Rédiger et terminer cet article de la manière à ce qu’il parle au plus grand nombre sera pour moi un article parfait. Il ne le sera pas pour plein d’autres, tout comme mon blog MonBonPote. Certain(e)s me disent pourtant qu’il est parfait, d’autres n’en pensent rien. Tout dépend du contexte émotionnel dans lequel on se situe.

Tout n’est qu’une question de sentiment de satisfaction et de bonheur rien d’autre (« Le bonheur parfait s’use vite »).

L’imperfection est justement de rechercher à être parfait, et inversement, car c’est aussi une perfection de pas aspirer à être parfait. Vous me suivez toujours ?

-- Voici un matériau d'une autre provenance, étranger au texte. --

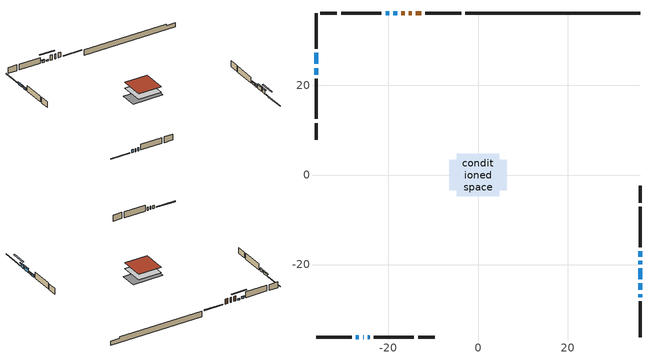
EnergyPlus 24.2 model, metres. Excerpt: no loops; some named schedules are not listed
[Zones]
conditioned space
 floor adiabatic (AdiabaticFloorConstruction): -4.8,-4.8 -4.8,4.8 4.8,4.8 4.8,-4.8 z1.24
 floor foundation (Slab1 construction): -6.37,-3.38 -6.37,3.38 6.37,3.38 6.37,-3.38 z-1.02
 wall outside (RimJoist1 construction): -3.75,36.2 -11.74,36.2 / -36.2,-36.2 -28.2,-36.2 / -36.2,36.2 -36.2,28.2 / 36.2,-36.2 36.2,-28.2 z1.24:1.54
 wall outside (AdiabaticWallConstruction 1): -12.67,36.2 -13.92,36.2 / -14.84,36.2 -15.42,36.2 / -16.35,36.2 -17.16,36.2 z1.24:3.27
 wall outside (AdiabaticWallConstruction): -27.27,-36.2 -26.61,-36.2 / -25.69,-36.2 -25.58,-36.2 / -24.65,-36.2 -24.24,-36.2 z1.24:2.46; -36.2,27.27 -36.2,24.83 / -19.83,36.2 -20.67,36.2 / 36.2,-19.91 36.2,-19.17 / 36.2,-18.25 36.2,-17.03 / -36.2,23.91 -36.2,22.43 z1.24:2; 36.2,-27.28 36.2,-26.61 z1.24:1.55; -18.09,36.2 -18.9,36.2 z1.24:1.85; 36.2,-25.69 36.2,-24.18 / 36.2,-23.26 36.2,-20.84 z1.24:2.74
 wall outside (Wall1 construction): -21.6,36.2 -30.58,36.2 / -23.32,-36.2 -14.33,-36.2 / -36.2,21.5 -36.2,12.52 / 36.2,-16.1 36.2,-7.11 z1.24:3.68
 wall outside (Wall2 construction): -31.51,36.2 -35.27,36.2 / -13.4,-36.2 -9.64,-36.2 / -36.2,11.59 -36.2,7.83 / 36.2,-6.18 36.2,-2.42 z1.24:3.68
 wall foundation (FoundationWall1 construction): -2.82,36.2,-1.02 -2.82,36.2,1.24 32.3,36.2,1.24 32.3,36.2,0.64 36.2,36.2,0.64 36.2,36.2,-1.02
 window (WindowConstruction 7): -27.27,-36.2 -26.61,-36.2 z1.24:2.46
 window (WindowConstruction 6): -36.2,27.27 -36.2,24.83 z1.24:2
 window (WindowConstruction 10): 36.2,-27.27 36.2,-26.61 z1.24:1.54
 window (WindowConstruction 11): -18.09,36.2 -18.9,36.2 z1.24:1.85
 window (WindowConstruction 8): -25.69,-36.2 -25.58,-36.2 z1.24:2.46
 window (WindowConstruction 9): -24.65,-36.2 -24.24,-36.2 z1.24:2.46
 window (WindowConstruction): -19.83,36.2 -20.67,36.2 z1.24:2
 window (WindowConstruction 1): 36.2,-25.69 36.2,-24.19 z1.24:2.74
 window (WindowConstruction 2): 36.2,-23.26 36.2,-20.84 z1.24:2.74
 window (WindowConstruction 3): 36.2,-19.91 36.2,-19.18 z1.24:2
 window (WindowConstruction 4): 36.2,-18.25 36.2,-17.03 z1.24:2
 window (WindowConstruction 5): -36.2,23.91 -36.2,22.43 z1.24:2
 door (Door): -12.67,36.2 -13.91,36.2 z1.24:3.27
 door (Door 1): -14.84,36.2 -15.42,36.2 z1.24:3.27
 door (Door 2): -16.35,36.2 -17.16,36.2 z1.24:3.27
 ceiling adiabatic (AdiabaticFloorConstruction): 4.8,-4.8 4.8,4.8 -4.8,4.8 -4.8,-4.8 z1.24
 roof outside (Roof1 construction): -4.8,4.8 -4.8,-4.8 4.8,-4.8 4.8,4.8 z3.68
shading: -36.2,24.63 -36.2,27.47 -36.61,27.47 -36.61,24.63 z2.2; 36.2,-23.83 36.2,-30.05 36.61,-30.05 36.61,-23.83 z4.32; -21.68,36.2 -15.31,36.2 -15.31,36.61 -21.68,36.61 z4.63; -20.87,36.2 -19.63,36.2 -19.63,36.61 -20.87,36.61 z2.2; 36.2,-23.98 36.2,-25.89 36.61,-25.89 36.61,-23.98 z2.94; 36.2,-20.64 36.2,-23.46 36.61,-23.46 36.61,-20.64 z2.94; 36.2,-18.97 36.2,-20.11 36.61,-20.11 36.61,-18.97 z2.2; 36.2,-16.83 36.2,-18.45 36.61,-18.45 36.61,-16.83 z2.2; -36.2,22.23 -36.2,24.11 -36.61,24.11 -36.61,22.23 z2.2
[Building]
Building 1: Terrain=Suburbs
[Site:Location]
Greenwood AP_NS: Latitude {deg}=44.98; Longitude {deg}=-64.92; Time Zone {hr}=-4; Elevation {m}=28; Keep Site Location Information=Yes
[Site:GroundTemperature:Shallow]
3.62696, 1.72046, 1.56778, 2.47251, 6.10451, 9.71958, 12.8537, 14.839, 15.0077, 13.3929, 10.3388, 6.83459
[Site:WaterMainsTemperature]
Calculation Method=Schedule; Temperature Schedule=mains temperature schedule
[Material] Roughness=Rough; Thermal Absorptance=0.9
Name | Thickness {m} | Conductivity {W/m-K} | Density {kg/m3} | Specific Heat {J/kg-K} | Solar Absorptance | Visible Absorptance
asphalt or fiberglass shingles | 0.00635 | 0.162714 | 1121.4 | 1465.45 | 0.4 | 0.4
concrete 4.0 in. | 0.1016 | 1.803125 | 2242.8 | 837.4 | 0.7 | 0.7
concrete 8.0 in. | 0.2032 | 1.803125 | 2242.8 | 837.4 | 0.7 | 0.7
door material | 0.04445 | 0.188738 | 512.64 | 1214.23 | 0.7 | 0.7
door material 1 | 0.04445 | 0.053851 | 512.64 | 1214.23 | 0.7 | 0.7
door material 2 | 0.04445 | 0.20624 | 512.64 | 1214.23 | 0.7 | 0.7
floor covering | 0.0127 | 0.0433444 | 54.468 | 1339.84 | 0.6 | 0.6
floor rigid ins; wall rigid ins | 0.512978 | 0.029427 | 32.04 | 1214.23 | 0.7 | 0.7
floor stud and cavity | 0.1397 | 1.75129 | 37.0049 | 1207.88 | 0.7 | 0.7
furniture material conditioned space 1 | 0.1524 | 0.115458 | 640.8 | 1214.23 | 0.6 | 0.6
gypsum board | 0.0127 | 0.160291 | 801 | 837.4 | 0.6 | 0.6
osb sheathing 0.5 in. | 0.0127 | 0.115458 | 512.64 | 1214.23 | 0.7 | 0.7
osb sheathing 0.75 in. | 0.01905 | 0.115458 | 512.64 | 1214.23 | 0.7 | 0.7
rim joist stud and cavity | 0.0508 | 0.648972 | 50.32683 | 1063.81 | 0.6 | 0.6
roof stud and cavity | 0.2032 | 0.118124 | 78.34581 | 1123.46 | 0.7 | 0.7
wall stud and cavity | 0.1397 | 0.881628 | 139.0536 | 1170.24 | 0.7 | 0.7
wall stud and cavity 1 | 0.1397 | 0.121691 | 139.0536 | 1170.24 | 0.7 | 0.7
wall stud and cavity 2 | 0.0889 | 0.380278 | 52.3479 | 1209.89 | 0.7 | 0.7
wall stud and cavity 3 | 0.0889 | 0.391764 | 83.0341 | 1211.67 | 0.7 | 0.7
wood siding | 0.0254 | 0.102417 | 544.68 | 1172.36 | 0.4 | 0.4
wood siding 1; wood siding 2; wood siding 3 | 0.0254 | 0.102417 | 544.68 | 1172.36 | 0.7 | 0.7
[WindowMaterial:SimpleGlazingSystem]
Name | U-Factor {W/m2-K} | Solar Heat Gain Coefficient
WindowMaterial | 2.85774 | 0.6
WindowMaterial 1 | 5.85459 | 0.77
WindowMaterial 10 | 2.71295 | 0.4
WindowMaterial 11 | 2.82537 | 0.52
WindowMaterial 2 | 5.944866 | 0.79
WindowMaterial 3 | 5.39637 | 0.69
WindowMaterial 4 | 5.57125 | 0.72
WindowMaterial 5 | 2.85944 | 0.59
WindowMaterial 6 | 2.850356 | 0.63
WindowMaterial 7 | 5.45826 | 0.7
WindowMaterial 8 | 4.55546 | 0.52
WindowMaterial 9 | 2.847517 | 0.58
[Construction]
AdiabaticFloorConstruction: floor stud and cavity, floor rigid ins, osb sheathing 0.75 in., floor covering
AdiabaticWallConstruction: wood siding 2, wall rigid ins, wall stud and cavity 2, gypsum board
AdiabaticWallConstruction 1: wood siding 3, wall rigid ins, wall stud and cavity 2, gypsum board
Door: door material
Door 1: door material 1
Door 2: door material 2
FoundationWall1 construction: concrete 8.0 in.
furniture construction conditioned space 1: furniture material conditioned space 1
PartitionWallConstruction: gypsum board, wall stud and cavity 3, gypsum board
RimJoist1 construction: wood siding 1, rim joist stud and cavity
Roof1 construction: asphalt or fiberglass shingles, osb sheathing 0.75 in., roof stud and cavity, gypsum board
Slab1 construction: concrete 4.0 in.
Wall1 construction: wood siding, osb sheathing 0.5 in., wall stud and cavity, gypsum board
Wall2 construction: wood siding, osb sheathing 0.5 in., wall stud and cavity 1, gypsum board
WindowConstruction: WindowMaterial
WindowConstruction 1: WindowMaterial 1
WindowConstruction 10: WindowMaterial 10
WindowConstruction 11: WindowMaterial 11
WindowConstruction 2: WindowMaterial 2
WindowConstruction 3: WindowMaterial 3
WindowConstruction 4: WindowMaterial 4
WindowConstruction 5: WindowMaterial 5
WindowConstruction 6: WindowMaterial 6
WindowConstruction 7: WindowMaterial 7
WindowConstruction 8: WindowMaterial 8
WindowConstruction 9: WindowMaterial 9
[Zone]
conditioned space: Multiplier=1; Volume {m3}=458.1; Part of Total Floor Area=Yes
[Space]
conditioned space 1: Zone=conditioned space; Volume {m3}=458.1
[SurfaceProperty:ExposedFoundationPerimeter]
Slab1: Exposed Perimeter Calculation Method=TotalExposedPerimeter; Total Exposed Perimeter {m}=39.015
[InternalMass] Zone or ZoneList=conditioned space; Space or SpaceList=conditioned space 1
Name | Construction | Surface Area {m2}
furniture mass conditioned space 1 | furniture construction conditioned space 1 | 71.404
partition wall mass | PartitionWallConstruction | 178.51
[Lights]
interior lighting: Zone or ZoneList or Space or SpaceList=conditioned space 1; Schedule=interior lighting schedule; Design Level Calculation Method=LightingLevel; Lighting Level {W}=343.2; Return Air Fraction=0; Fraction Radiant=0.6; Fraction Visible=0.2; Fraction Replaceable=1
[People]
occupants: Zone or ZoneList or Space or SpaceList=conditioned space 1; Number of People Schedule=occupants schedule; Number of People Calculation Method=People; Number of People=3; Fraction Radiant=0.314171; Sensible Heat Fraction=0.56303; Activity Level Schedule=occupants activity schedule; Carbon Dioxide Generation Rate {m3/s-W}=0; Enable ASHRAE 55 Comfort Warnings=No; Mean Radiant Temperature Calculation Type=EnclosureAveraged
[ElectricEquipment] Zone or ZoneList or Space or SpaceList=conditioned space 1; Design Level Calculation Method=EquipmentLevel
Name | Schedule | Design Level {W} | Fraction Latent | Fraction Radiant | Fraction Lost
clothes dryer | clothes dryer schedule | 140.772 | 0.015 | 0.081 | 0.85
clothes washer | clothes washer schedule | 32.1985 | 0.03 | 0.162 | 0.7
cooking range | cooking range schedule | 215.147 | 0.08 | 0.432 | 0.2
dishwasher | dishwasher schedule | 66.8632 | 0.3 | 0.18 | 0.4
fridge | fridge schedule | 72.9452 | 0 | 0.6 | 0
mech vent house fan | mech vent house fan schedule | 0 | 0 | 0 | 1
mech vent house fan cfis | mech vent house fan cfis schedule | 0 | 0 | 0 | 0
misc plug loads | misc plug loads schedule | 494.7 | 0.045 | 0.513 | 0.1
whole house fan | Always On Discrete | 0 | 0 | 0 | 1
[OtherEquipment] Zone or ZoneList or Space or SpaceList=conditioned space 1; Design Level Calculation Method=EquipmentLevel
Name | Fuel Type | Schedule | Design Level {W} | Fraction Latent | Fraction Radiant | Fraction Lost
clothes dryer 1 | Electricity | clothes dryer schedule | 0 | 0.015 | 0.081 | 0.85
cooking range 1 | Electricity | cooking range schedule | 0 | 0.08 | 0.432 | 0.2
general water use latent | None | general water use schedule | 62.594 | 1 | 0 | 0
general water use sensible | None | general water use schedule | -61.6891 | 0 | 0.6 | 0
mech vent house fan latent load | None | Always On Discrete | 0 | 1 | 0 | 0
mech vent house fan sensible load | None | Always On Discrete | 0 | 0 | 0 | 0
water heater energy adjustment1 | Electricity | Always On Discrete | 0.01 | 0 | 0 | 1
[ZoneInfiltration:DesignFlowRate] Zone or ZoneList or Space or SpaceList=conditioned space 1; Schedule=Always On Discrete; Design Flow Rate Calculation Method=Flow/Zone; Design Flow Rate {m3/s}=0
infil flow; natural vent flow; whole house fan flow
[Foundation:Kiva]
Foundation Kiva 1: Initial Indoor Air Temperature {C}=18; Wall Height Above Grade {m}=1.23999; Wall Depth Below Slab {m}=0.2032
[Foundation:Kiva:Settings]
Soil Conductivity {W/m-K}=0.849921; Soil Density {kg/m3}=1842.3; Soil Specific Heat {J/kg-K}=418.7; Ground Solar Absorptivity=0.9; Ground Thermal Absorptivity=0.9; Ground Surface Roughness {m}=0.03; Far-Field Width {m}=40; Deep-Ground Boundary Condition=ZeroFlux; Deep-Ground Depth {m}=40; Minimum Cell Dimension {m}=0.2; Maximum Cell Growth Coefficient=3; Simulation Timestep=Timestep
[Exterior:Lights]
exterior lighting: Schedule=exterior lighting schedule; Design Level {W}=75.6
[Schedule:Day:Interval]
interior lighting schedule day: No, 01:00, 0.108182, 04:00, 0.0901515, 05:00, 0.0991667, 06:00, 0.162273, 07:00, 0.270455, 08:00, 0.342576, 10:00, 0.369621, 11:00, 0.351591, 12:00, 0.333561, 13:00, 0.324545, 14:00, 0.31553, 15:00, 0.333561, 16:00, 0.369621, 17:00, 0.450758, 18:00, 0.585985, 19:00, 0.775303, 20:00, 0.955606, 21:00, 0.991667, 22:00, 0.712197, 23:00, 0.360606, 24:00, 0.162273
interior lighting schedule day 1: No, 01:00, 0.100909, 04:00, 0.0840909, 05:00, 0.0925, 06:00, 0.151364, 07:00, 0.252273, 08:00, 0.319545, 10:00, 0.344773, 11:00, 0.327955, 12:00, 0.311136, 13:00, 0.302727, 14:00, 0.294318, 15:00, 0.311136, 16:00, 0.344773, 17:00, 0.420455, 18:00, 0.546591, 19:00, 0.723182, 20:00, 0.891364, 21:00, 0.925, 22:00, 0.664318, 23:00, 0.336364, 24:00, 0.151364
interior lighting schedule day 2: No, 01:00, 0.0927273, 04:00, 0.0772727, 05:00, 0.085, 06:00, 0.139091, 07:00, 0.231818, 08:00, 0.293636, 10:00, 0.316818, 11:00, 0.301364, 12:00, 0.285909, 13:00, 0.278182, 14:00, 0.270455, 15:00, 0.285909, 16:00, 0.316818, 17:00, 0.386364, 18:00, 0.502273, 19:00, 0.664545, 20:00, 0.819091, 21:00, 0.85, 22:00, 0.610455, 23:00, 0.309091, 24:00, 0.139091
interior lighting schedule day 3: No, 01:00, 0.0845455, 04:00, 0.0704545, 05:00, 0.0775, 06:00, 0.126818, 07:00, 0.211364, 08:00, 0.267727, 10:00, 0.288864, 11:00, 0.274773, 12:00, 0.260682, 13:00, 0.253636, 14:00, 0.246591, 15:00, 0.260682, 16:00, 0.288864, 17:00, 0.352273, 18:00, 0.457955, 19:00, 0.605909, 20:00, 0.746818, 21:00, 0.775, 22:00, 0.556591, 23:00, 0.281818, 24:00, 0.126818
interior lighting schedule day 4: No, 01:00, 0.0763636, 04:00, 0.0636364, 05:00, 0.07, 06:00, 0.114545, 07:00, 0.190909, 08:00, 0.241818, 10:00, 0.260909, 11:00, 0.248182, 12:00, 0.235455, 13:00, 0.229091, 14:00, 0.222727, 15:00, 0.235455, 16:00, 0.260909, 17:00, 0.318182, 18:00, 0.413636, 19:00, 0.547273, 20:00, 0.674545, 21:00, 0.7, 22:00, 0.502727, 23:00, 0.254545, 24:00, 0.114545
interior lighting schedule default day: No, 24:00, 0
[Schedule:Week:Daily]
interior lighting schedule Week Rule - Jan1-Jan27: interior lighting schedule day, interior lighting schedule day, interior lighting schedule day, interior lighting schedule day, interior lighting schedule day, interior lighting schedule day, interior lighting schedule day, interior lighting schedule default day, interior lighting schedule default day, interior lighting schedule default day, interior lighting schedule default day, interior lighting schedule default day
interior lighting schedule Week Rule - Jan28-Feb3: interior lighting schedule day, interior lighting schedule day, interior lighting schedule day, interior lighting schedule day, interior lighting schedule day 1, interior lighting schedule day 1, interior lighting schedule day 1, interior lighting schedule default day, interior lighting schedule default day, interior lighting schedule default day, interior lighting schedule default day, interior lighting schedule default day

Quand je regarde la définition du mot parfait, il n’y a aucune référence (à part une crème glacée). Cela voudrait peut-être dire que tous ont échoué à la quête de la perfection ? On se berce tous d’illusions et on tourne le dos aux règles naturelles, parce qu’on recherche à la fois la perfection et l’imperfection, plutôt que de cultiver les joies simples, les pensées normales et élémentaires qui sont inhérentes à une vie équilibrée et donc satisfaisante.

Ne cherchez plus, alors, à vouloir tout contrôler et laissez plutôt s’exprimer votre part de parfaite imperfection… dans les limites de l’acceptable ! Alors entre la perfection et l’imperfection, choisissons… les deux ! … Parfait !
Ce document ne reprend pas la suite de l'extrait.